I wonder how many people who are in the market for such expensive glass are willing to make the switch (presumably taking a loss selling their EF example), versus how many will decide to just put an adapter on their old glass. If adapters were readily available and I were in their shoes, I'd be tempted to just buy a dedicated adapter for a hundred bucks., for each lens, and leave it on the lens.


----------



## SteveC (Jul 19, 2021)

Canon Rumors Guy said:


> For new buyers, they're the same price.
> 
> You won't lose much by selling your EF version to "upgrade". There is also the adapter issue, I've seen a few of them explode in the field. The other issue is how truly cumbersome teleconverters would become to use alongside an adapter. I think usability is a big advantage if you're all in on RF.

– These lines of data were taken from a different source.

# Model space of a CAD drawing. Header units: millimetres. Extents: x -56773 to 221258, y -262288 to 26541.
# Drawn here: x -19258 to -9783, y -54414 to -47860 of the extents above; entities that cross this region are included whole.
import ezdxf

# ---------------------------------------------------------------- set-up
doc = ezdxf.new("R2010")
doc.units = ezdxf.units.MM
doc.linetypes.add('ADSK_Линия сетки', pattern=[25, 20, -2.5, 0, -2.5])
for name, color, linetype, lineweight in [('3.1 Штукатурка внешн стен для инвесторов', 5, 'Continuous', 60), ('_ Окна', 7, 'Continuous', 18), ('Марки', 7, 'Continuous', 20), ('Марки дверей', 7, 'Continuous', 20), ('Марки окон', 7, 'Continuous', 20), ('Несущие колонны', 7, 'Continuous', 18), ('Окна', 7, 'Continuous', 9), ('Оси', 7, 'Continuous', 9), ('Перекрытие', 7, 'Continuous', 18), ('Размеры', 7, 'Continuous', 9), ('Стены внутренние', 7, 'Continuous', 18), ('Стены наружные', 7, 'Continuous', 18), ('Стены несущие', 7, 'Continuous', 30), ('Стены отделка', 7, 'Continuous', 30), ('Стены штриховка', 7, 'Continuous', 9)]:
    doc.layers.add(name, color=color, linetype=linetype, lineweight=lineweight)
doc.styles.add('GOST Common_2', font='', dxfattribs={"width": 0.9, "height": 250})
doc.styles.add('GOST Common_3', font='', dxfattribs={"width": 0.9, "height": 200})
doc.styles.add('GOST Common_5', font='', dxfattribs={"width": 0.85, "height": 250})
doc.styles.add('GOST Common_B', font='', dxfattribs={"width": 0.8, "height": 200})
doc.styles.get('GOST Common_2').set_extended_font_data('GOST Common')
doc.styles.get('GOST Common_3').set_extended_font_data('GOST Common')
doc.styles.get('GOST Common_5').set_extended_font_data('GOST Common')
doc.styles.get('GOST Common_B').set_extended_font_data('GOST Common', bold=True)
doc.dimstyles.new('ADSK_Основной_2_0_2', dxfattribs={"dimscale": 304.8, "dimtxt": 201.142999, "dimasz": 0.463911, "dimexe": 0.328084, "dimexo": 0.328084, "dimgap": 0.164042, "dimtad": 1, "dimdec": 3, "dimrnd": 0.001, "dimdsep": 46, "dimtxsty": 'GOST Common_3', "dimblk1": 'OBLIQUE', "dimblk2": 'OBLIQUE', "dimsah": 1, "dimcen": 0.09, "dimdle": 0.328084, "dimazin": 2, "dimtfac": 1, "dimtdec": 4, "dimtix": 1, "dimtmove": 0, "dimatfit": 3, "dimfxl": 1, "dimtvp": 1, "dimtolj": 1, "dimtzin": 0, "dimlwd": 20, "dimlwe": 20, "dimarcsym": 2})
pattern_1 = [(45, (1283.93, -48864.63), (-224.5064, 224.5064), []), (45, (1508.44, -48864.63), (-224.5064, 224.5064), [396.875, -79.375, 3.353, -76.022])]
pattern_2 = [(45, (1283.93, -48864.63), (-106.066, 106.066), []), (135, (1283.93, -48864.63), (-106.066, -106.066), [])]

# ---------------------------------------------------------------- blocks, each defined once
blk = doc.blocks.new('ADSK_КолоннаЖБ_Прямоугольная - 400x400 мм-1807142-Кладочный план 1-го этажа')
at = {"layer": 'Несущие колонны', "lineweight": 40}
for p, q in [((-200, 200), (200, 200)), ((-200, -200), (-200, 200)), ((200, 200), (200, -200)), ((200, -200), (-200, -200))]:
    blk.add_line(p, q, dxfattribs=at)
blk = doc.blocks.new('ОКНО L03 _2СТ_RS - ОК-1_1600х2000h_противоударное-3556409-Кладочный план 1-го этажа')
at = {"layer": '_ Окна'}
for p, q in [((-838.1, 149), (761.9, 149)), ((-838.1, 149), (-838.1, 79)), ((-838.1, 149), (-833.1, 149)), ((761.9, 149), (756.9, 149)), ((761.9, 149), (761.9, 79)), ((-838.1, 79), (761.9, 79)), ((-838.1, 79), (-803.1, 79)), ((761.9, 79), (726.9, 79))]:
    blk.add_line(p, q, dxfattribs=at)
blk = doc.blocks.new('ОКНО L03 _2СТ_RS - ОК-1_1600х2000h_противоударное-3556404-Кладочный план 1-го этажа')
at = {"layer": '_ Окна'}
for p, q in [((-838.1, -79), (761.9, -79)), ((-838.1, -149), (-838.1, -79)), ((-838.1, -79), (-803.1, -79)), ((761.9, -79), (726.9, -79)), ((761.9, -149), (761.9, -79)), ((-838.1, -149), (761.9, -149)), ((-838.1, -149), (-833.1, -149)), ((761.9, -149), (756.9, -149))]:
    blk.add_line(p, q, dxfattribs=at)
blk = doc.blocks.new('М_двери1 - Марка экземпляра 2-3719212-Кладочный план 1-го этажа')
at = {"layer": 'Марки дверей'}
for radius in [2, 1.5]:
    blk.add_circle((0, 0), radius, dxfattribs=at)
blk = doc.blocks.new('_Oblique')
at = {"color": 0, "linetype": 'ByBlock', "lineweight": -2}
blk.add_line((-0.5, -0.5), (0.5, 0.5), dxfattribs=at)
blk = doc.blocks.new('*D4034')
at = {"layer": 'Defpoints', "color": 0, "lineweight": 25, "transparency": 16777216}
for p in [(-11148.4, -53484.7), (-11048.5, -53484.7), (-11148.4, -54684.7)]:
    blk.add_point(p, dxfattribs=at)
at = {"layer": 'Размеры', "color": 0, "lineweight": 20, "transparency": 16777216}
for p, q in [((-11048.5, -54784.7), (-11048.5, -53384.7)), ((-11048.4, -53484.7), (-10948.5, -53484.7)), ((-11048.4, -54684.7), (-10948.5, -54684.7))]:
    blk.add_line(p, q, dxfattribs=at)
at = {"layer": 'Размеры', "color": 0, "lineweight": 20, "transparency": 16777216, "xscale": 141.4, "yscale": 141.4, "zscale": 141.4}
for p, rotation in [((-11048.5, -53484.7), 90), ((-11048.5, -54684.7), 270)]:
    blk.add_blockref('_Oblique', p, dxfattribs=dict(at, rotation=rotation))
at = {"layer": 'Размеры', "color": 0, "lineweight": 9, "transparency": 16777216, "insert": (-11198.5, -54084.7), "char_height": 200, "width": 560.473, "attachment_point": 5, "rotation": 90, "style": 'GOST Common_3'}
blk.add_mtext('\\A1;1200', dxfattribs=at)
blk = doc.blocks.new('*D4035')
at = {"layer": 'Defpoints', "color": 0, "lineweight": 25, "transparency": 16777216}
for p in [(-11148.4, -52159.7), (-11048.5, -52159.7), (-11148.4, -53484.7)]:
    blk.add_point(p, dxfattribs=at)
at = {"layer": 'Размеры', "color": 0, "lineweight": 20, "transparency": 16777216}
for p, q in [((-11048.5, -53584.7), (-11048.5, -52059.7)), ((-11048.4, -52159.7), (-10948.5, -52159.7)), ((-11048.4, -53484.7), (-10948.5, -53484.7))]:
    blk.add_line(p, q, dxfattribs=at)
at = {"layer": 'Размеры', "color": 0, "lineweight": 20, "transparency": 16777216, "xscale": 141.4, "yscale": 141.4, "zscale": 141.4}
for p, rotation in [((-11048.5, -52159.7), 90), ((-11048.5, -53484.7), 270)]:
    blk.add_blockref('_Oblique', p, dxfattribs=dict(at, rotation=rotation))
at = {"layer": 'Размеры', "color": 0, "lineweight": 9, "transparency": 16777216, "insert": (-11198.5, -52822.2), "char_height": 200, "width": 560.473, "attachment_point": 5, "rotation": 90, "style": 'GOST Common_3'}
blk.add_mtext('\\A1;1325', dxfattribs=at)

"explode?" I had not heard about this. Could you elaborate?


----------



## Hector1970 (Jul 19, 2021)

Is the adapter can't take the weight of the camera or lens?


----------



## MoonMadness (Jul 19, 2021)

Skyscraperfan said:


> If they really used the same optical formula as for the EF versions, they really need some other convincing advantages to make somebody buy the RF versions, as EF versions work on both mounts. I am not sure if you really need a fast autofocus motor to follow an subject in sports or a bird for example. A fast autofocus motor is only needed if your focus is far off and you need switch from very far to very near for example.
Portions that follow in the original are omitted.